[[ EXERCISE INPUT open ]]

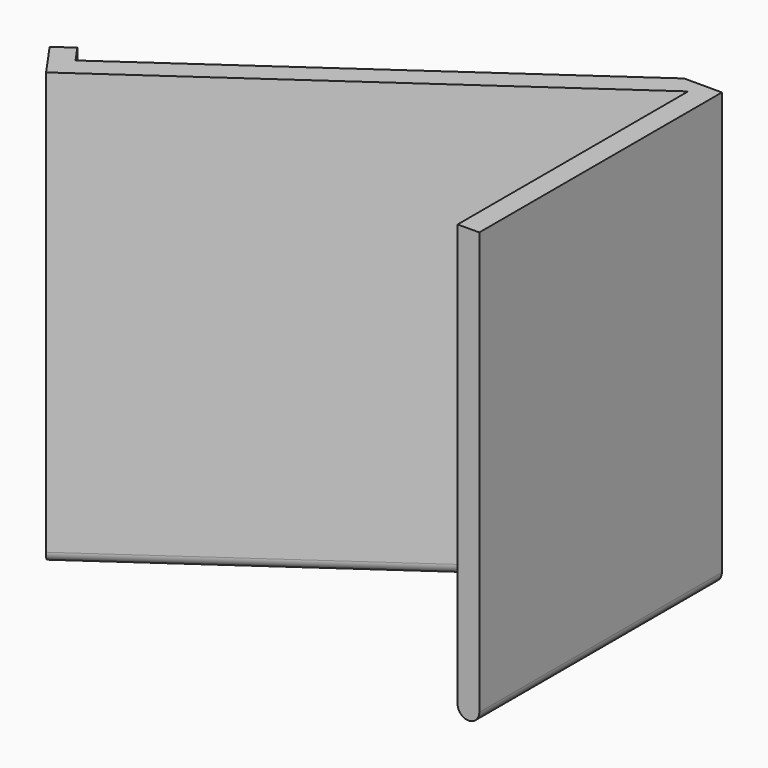
from build123d import *

# Parameters (mm, degrees)
F1_DEPTH      = 50
F1_DEPTH_BACK = 50
F2_T1_DEPTH   = 82.5
F2_T3_DEPTH   = 116.1726990145
F2_T5_DEPTH   = 11.25
F2_T10_DEPTH  = 79
F2_T15_DEPTH  = 128.4622783495
F2_T21_DEPTH  = 128.4622783495
F2_T25_DEPTH  = 79
F2_T32_DEPTH  = 122.4226990145
F2_T36_DEPTH  = 17.5


# Not quite as in the source:
# - a fillet or chamfer that OpenCascade refuses, or shapes differently, is made with other operations: its cross-section is extruded or revolved along the edge and cut away or added


with BuildPart() as f1:
    # F0 (on Top) → F1 (new body, two sides)
    with BuildSketch(Plane.XY) as f1_sk:
        Polygon((50, 35), (41.281031703, 35), (-48.7711521192, -28.0365286756), (-50, -26.281031703), (-51.638463841, -23.940369073), (-55.7346234436, -26.8076807948), (-52.8673117218, -30.9038403974), (-50, -35), (45, 31.5), (45, -35), (50, -35), align=None)
    extrude(amount=F1_DEPTH)
    extrude(f1_sk.sketch, amount=-F1_DEPTH_BACK)

    # F2: fillet of radius 2.5 on 5 edges, made by hand

    # F2_s2 → F2_t1 (cut)
    with BuildSketch(Plane.XZ.offset(-41.25)):
        with BuildLine():
            ThreePointArc((47.5, -50), (49.267766953, -49.267766953), (50, -47.5))
            Line((50, -47.5), (50, -50))
            Line((50, -50), (47.5, -50))
        make_face()
    extrude(amount=F2_T1_DEPTH, mode=Mode.SUBTRACT)

    # F2_s4 → F2_t3 (cut)
    with BuildSketch(Plane(origin=(49.2685429281, 34.4879800497, 0), x_dir=(0, 0, 1), z_dir=(-0.8192319205, -0.5734623444, 0))):
        with BuildLine():
            ThreePointArc((-50, 2.5), (-49.267766953, 4.267766953), (-47.5, 5))
            Line((-47.5, 5), (-50, 5))
            Line((-50, 5), (-50, 2.5))
        make_face()
    extrude(amount=F2_T3_DEPTH, mode=Mode.SUBTRACT)

    # F2_s6 → F2_t5 (cut)
    with BuildSketch(Plane(origin=(-2.8673117218, 4.0961596026, 0), x_dir=(0, 0, 1), z_dir=(-0.5734623444, 0.8192319205, 0))):
        with BuildLine():
            ThreePointArc((-50, -58.5327780787), (-49.267766953, -56.7650111257), (-47.5, -56.0327780787))
            Line((-47.5, -56.0327780787), (-50, -56.0327780787))
            Line((-50, -56.0327780787), (-50, -58.5327780787))
        make_face()
    extrude(amount=F2_T5_DEPTH, mode=Mode.SUBTRACT)


with BuildPart() as f2_tool8:
    # F2_s9 → F2_t10 (new body)
    with BuildSketch(Plane.XZ.offset(-37.75)):
        with BuildLine():
            ThreePointArc((47.5, -50), (45.732233047, -49.267766953), (45, -47.5))
            Line((45, -47.5), (45, -50))
            Line((45, -50), (47.5, -50))
        make_face()
    extrude(amount=F2_T10_DEPTH)

    split(bisect_by=Plane(origin=(0, 0, 0), x_dir=(0, 0, 1), z_dir=(0.5734623444, -0.8192319205, 0)), keep=Keep.TOP)


with BuildPart() as f1_1:
    add(f1.part)

    # F2_t7: cut F2_tool8
    add(f2_tool8.part, mode=Mode.SUBTRACT)


with BuildPart() as f2_tool13:
    # F2_s14 → F2_t15 (new body)
    with BuildSketch(Plane(origin=(-55.1201995032, -38.5841396523, 0), x_dir=(0, 0, 1), z_dir=(0.8192319205, 0.5734623444, 0))):
        with BuildLine():
            ThreePointArc((-47.5, 0), (-49.267766953, -0.732233047), (-50, -2.5))
            Line((-50, -2.5), (-50, 0))
            Line((-50, 0), (-47.5, 0))
        make_face()
    extrude(amount=F2_T15_DEPTH)

    split(bisect_by=Plane.YZ.offset(45), keep=Keep.BOTTOM)


with BuildPart() as f1_2:
    add(f1_1.part)

    # F2_t12: cut F2_tool13
    add(f2_tool13.part, mode=Mode.SUBTRACT)


with BuildPart() as f2_tool19:
    # F2_s20 → F2_t21 (new body)
    with BuildSketch(Plane(origin=(-55.1201995032, -38.5841396523, 0), x_dir=(0, 0, 1), z_dir=(0.8192319205, 0.5734623444, 0))):
        with BuildLine():
            ThreePointArc((-47.5, 0), (-49.267766953, -0.732233047), (-50, -2.5))
            Line((-50, -2.5), (-50, 0))
            Line((-50, 0), (-47.5, 0))
        make_face()
    extrude(amount=F2_T21_DEPTH)

    split(bisect_by=Plane.YZ.offset(45), keep=Keep.TOP)


with BuildPart() as f2_tool23:
    # F2_s24 → F2_t25 (new body)
    with BuildSketch(Plane.XZ.offset(-37.75)):
        with BuildLine():
            ThreePointArc((47.5, -50), (45.732233047, -49.267766953), (45, -47.5))
            Line((45, -47.5), (45, -50))
            Line((45, -50), (47.5, -50))
        make_face()
    extrude(amount=F2_T25_DEPTH)

    split(bisect_by=Plane(origin=(0, 0, 0), x_dir=(0, 0, 1), z_dir=(-0.5734623444, 0.8192319205, 0)), keep=Keep.TOP)


with BuildPart() as f2_tool19_1:
    add(f2_tool19.part)

    # F2_t27: intersect F2_tool23
    add(f2_tool23.part, mode=Mode.INTERSECT)


with BuildPart() as f1_3:
    add(f1_2.part)

    # F2_t17: cut F2_tool19
    add(f2_tool19_1.part, mode=Mode.SUBTRACT)


with BuildPart() as f2_tool30:
    # F2_s31 → F2_t32 (new body)
    with BuildSketch(Plane(origin=(49.2685429281, 34.4879800497, 0), x_dir=(0, 0, 1), z_dir=(-0.8192319205, -0.5734623444, 0))):
        with BuildLine():
            ThreePointArc((-50, 2.5), (-49.267766953, 4.267766953), (-47.5, 5))
            Line((-47.5, 5), (-50, 5))
            Line((-50, 5), (-50, 2.5))
        make_face()
    extrude(amount=F2_T32_DEPTH)

    split(bisect_by=Plane(origin=(-45.9038403974, -32.1326882782, 0), x_dir=(0, 0, 1), z_dir=(-0.8192319205, -0.5734623444, 0)), keep=Keep.TOP)


with BuildPart() as f2_tool34:
    # F2_s35 → F2_t36 (new body)
    with BuildSketch(Plane(origin=(0.7168279305, -1.0240399006, 0), x_dir=(0, 0, 1), z_dir=(-0.5734623444, 0.8192319205, 0))):
        with BuildLine():
            ThreePointArc((-50, -58.5327780787), (-49.267766953, -56.7650111257), (-47.5, -56.0327780787))
            Line((-47.5, -56.0327780787), (-50, -56.0327780787))
            Line((-50, -56.0327780787), (-50, -58.5327780787))
        make_face()
    extrude(amount=F2_T36_DEPTH)

    split(bisect_by=Plane(origin=(-2.8673117218, 4.0961596026, 0), x_dir=(0, 0, 1), z_dir=(0.5734623444, -0.8192319205, 0)), keep=Keep.TOP)


with BuildPart() as f2_tool30_1:
    add(f2_tool30.part)

    # F2_t38: intersect F2_tool34
    add(f2_tool34.part, mode=Mode.INTERSECT)


with BuildPart() as f1_4:
    add(f1_3.part)

    # F2_t28: cut F2_tool30
    add(f2_tool30_1.part, mode=Mode.SUBTRACT)


solid = f1_4.part

[[ EXERCISE INPUT closed ]]

■ EXERCISE GOAL ■
Reproduce each entry exactly as given; no pictures, please.

■ ANSWER TO THIS TASK ■
from build123d import *

# Parameters (mm, degrees)
F1_DEPTH      = 50
F1_DEPTH_BACK = 50
F2_T1_DEPTH   = 82.5
F2_T3_DEPTH   = 116.1726990145
F2_T5_DEPTH   = 11.25
F2_T10_DEPTH  = 79
F2_T15_DEPTH  = 128.4622783495
F2_T21_DEPTH  = 128.4622783495
F2_T25_DEPTH  = 79
F2_T32_DEPTH  = 122.4226990145
F2_T36_DEPTH  = 17.5


# Not quite as in the source:
# - a fillet or chamfer that OpenCascade refuses, or shapes differently, is made with other operations: its cross-section is extruded or revolved along the edge and cut away or added


with BuildPart() as f1:
    # F0 (on Top) → F1 (new body, two sides)
    with BuildSketch(Plane.XY) as f1_sk:
        Polygon((50, 35), (41.281031703, 35), (-48.7711521192, -28.0365286756), (-50, -26.281031703), (-51.638463841, -23.940369073), (-55.7346234436, -26.8076807948), (-52.8673117218, -30.9038403974), (-50, -35), (45, 31.5), (45, -35), (50, -35), align=None)
    extrude(amount=F1_DEPTH)
    extrude(f1_sk.sketch, amount=-F1_DEPTH_BACK)

    # F2: fillet of radius 2.5 on 5 edges, made by hand

    # F2_s2 → F2_t1 (cut)
    with BuildSketch(Plane.XZ.offset(-41.25)):
        with BuildLine():
            ThreePointArc((47.5, -50), (49.267766953, -49.267766953), (50, -47.5))
            Line((50, -47.5), (50, -50))
            Line((50, -50), (47.5, -50))
        make_face()
    extrude(amount=F2_T1_DEPTH, mode=Mode.SUBTRACT)

    # F2_s4 → F2_t3 (cut)
    with BuildSketch(Plane(origin=(49.2685429281, 34.4879800497, 0), x_dir=(0, 0, 1), z_dir=(-0.8192319205, -0.5734623444, 0))):
        with BuildLine():
            ThreePointArc((-50, 2.5), (-49.267766953, 4.267766953), (-47.5, 5))
            Line((-47.5, 5), (-50, 5))
            Line((-50, 5), (-50, 2.5))
        make_face()
    extrude(amount=F2_T3_DEPTH, mode=Mode.SUBTRACT)

    # F2_s6 → F2_t5 (cut)
    with BuildSketch(Plane(origin=(-2.8673117218, 4.0961596026, 0), x_dir=(0, 0, 1), z_dir=(-0.5734623444, 0.8192319205, 0))):
        with BuildLine():
            ThreePointArc((-50, -58.5327780787), (-49.267766953, -56.7650111257), (-47.5, -56.0327780787))
            Line((-47.5, -56.0327780787), (-50, -56.0327780787))
            Line((-50, -56.0327780787), (-50, -58.5327780787))
        make_face()
    extrude(amount=F2_T5_DEPTH, mode=Mode.SUBTRACT)


with BuildPart() as f2_tool8:
    # F2_s9 → F2_t10 (new body)
    with BuildSketch(Plane.XZ.offset(-37.75)):
        with BuildLine():
            ThreePointArc((47.5, -50), (45.732233047, -49.267766953), (45, -47.5))
            Line((45, -47.5), (45, -50))
            Line((45, -50), (47.5, -50))
        make_face()
    extrude(amount=F2_T10_DEPTH)

    split(bisect_by=Plane(origin=(0, 0, 0), x_dir=(0, 0, 1), z_dir=(0.5734623444, -0.8192319205, 0)), keep=Keep.TOP)


with BuildPart() as f1_1:
    add(f1.part)

    # F2_t7: cut F2_tool8
    add(f2_tool8.part, mode=Mode.SUBTRACT)


with BuildPart() as f2_tool13:
    # F2_s14 → F2_t15 (new body)
    with BuildSketch(Plane(origin=(-55.1201995032, -38.5841396523, 0), x_dir=(0, 0, 1), z_dir=(0.8192319205, 0.5734623444, 0))):
        with BuildLine():
            ThreePointArc((-47.5, 0), (-49.267766953, -0.732233047), (-50, -2.5))
            Line((-50, -2.5), (-50, 0))
            Line((-50, 0), (-47.5, 0))
        make_face()
    extrude(amount=F2_T15_DEPTH)

    split(bisect_by=Plane.YZ.offset(45), keep=Keep.BOTTOM)


with BuildPart() as f1_2:
    add(f1_1.part)

    # F2_t12: cut F2_tool13
    add(f2_tool13.part, mode=Mode.SUBTRACT)


with BuildPart() as f2_tool19:
    # F2_s20 → F2_t21 (new body)
    with BuildSketch(Plane(origin=(-55.1201995032, -38.5841396523, 0), x_dir=(0, 0, 1), z_dir=(0.8192319205, 0.5734623444, 0))):
        with BuildLine():
            ThreePointArc((-47.5, 0), (-49.267766953, -0.732233047), (-50, -2.5))
            Line((-50, -2.5), (-50, 0))
            Line((-50, 0), (-47.5, 0))
        make_face()
    extrude(amount=F2_T21_DEPTH)

    split(bisect_by=Plane.YZ.offset(45), keep=Keep.TOP)


with BuildPart() as f2_tool23:
    # F2_s24 → F2_t25 (new body)
    with BuildSketch(Plane.XZ.offset(-37.75)):
        with BuildLine():
            ThreePointArc((47.5, -50), (45.732233047, -49.267766953), (45, -47.5))
            Line((45, -47.5), (45, -50))
            Line((45, -50), (47.5, -50))
        make_face()
    extrude(amount=F2_T25_DEPTH)

    split(bisect_by=Plane(origin=(0, 0, 0), x_dir=(0, 0, 1), z_dir=(-0.5734623444, 0.8192319205, 0)), keep=Keep.TOP)


with BuildPart() as f2_tool19_1:
    add(f2_tool19.part)

    # F2_t27: intersect F2_tool23
    add(f2_tool23.part, mode=Mode.INTERSECT)


with BuildPart() as f1_3:
    add(f1_2.part)

    # F2_t17: cut F2_tool19
    add(f2_tool19_1.part, mode=Mode.SUBTRACT)


with BuildPart() as f2_tool30:
    # F2_s31 → F2_t32 (new body)
    with BuildSketch(Plane(origin=(49.2685429281, 34.4879800497, 0), x_dir=(0, 0, 1), z_dir=(-0.8192319205, -0.5734623444, 0))):
        with BuildLine():
            ThreePointArc((-50, 2.5), (-49.267766953, 4.267766953), (-47.5, 5))
            Line((-47.5, 5), (-50, 5))
            Line((-50, 5), (-50, 2.5))
        make_face()
    extrude(amount=F2_T32_DEPTH)

    split(bisect_by=Plane(origin=(-45.9038403974, -32.1326882782, 0), x_dir=(0, 0, 1), z_dir=(-0.8192319205, -0.5734623444, 0)), keep=Keep.TOP)


with BuildPart() as f2_tool34:
    # F2_s35 → F2_t36 (new body)
    with BuildSketch(Plane(origin=(0.7168279305, -1.0240399006, 0), x_dir=(0, 0, 1), z_dir=(-0.5734623444, 0.8192319205, 0))):
        with BuildLine():
            ThreePointArc((-50, -58.5327780787), (-49.267766953, -56.7650111257), (-47.5, -56.0327780787))
            Line((-47.5, -56.0327780787), (-50, -56.0327780787))
            Line((-50, -56.0327780787), (-50, -58.5327780787))
        make_face()
    extrude(amount=F2_T36_DEPTH)

    split(bisect_by=Plane(origin=(-2.8673117218, 4.0961596026, 0), x_dir=(0, 0, 1), z_dir=(0.5734623444, -0.8192319205, 0)), keep=Keep.TOP)


with BuildPart() as f2_tool30_1:
    add(f2_tool30.part)

    # F2_t38: intersect F2_tool34
    add(f2_tool34.part, mode=Mode.INTERSECT)


with BuildPart() as f1_4:
    add(f1_3.part)

    # F2_t28: cut F2_tool30
    add(f2_tool30_1.part, mode=Mode.SUBTRACT)


solid = f1_4.part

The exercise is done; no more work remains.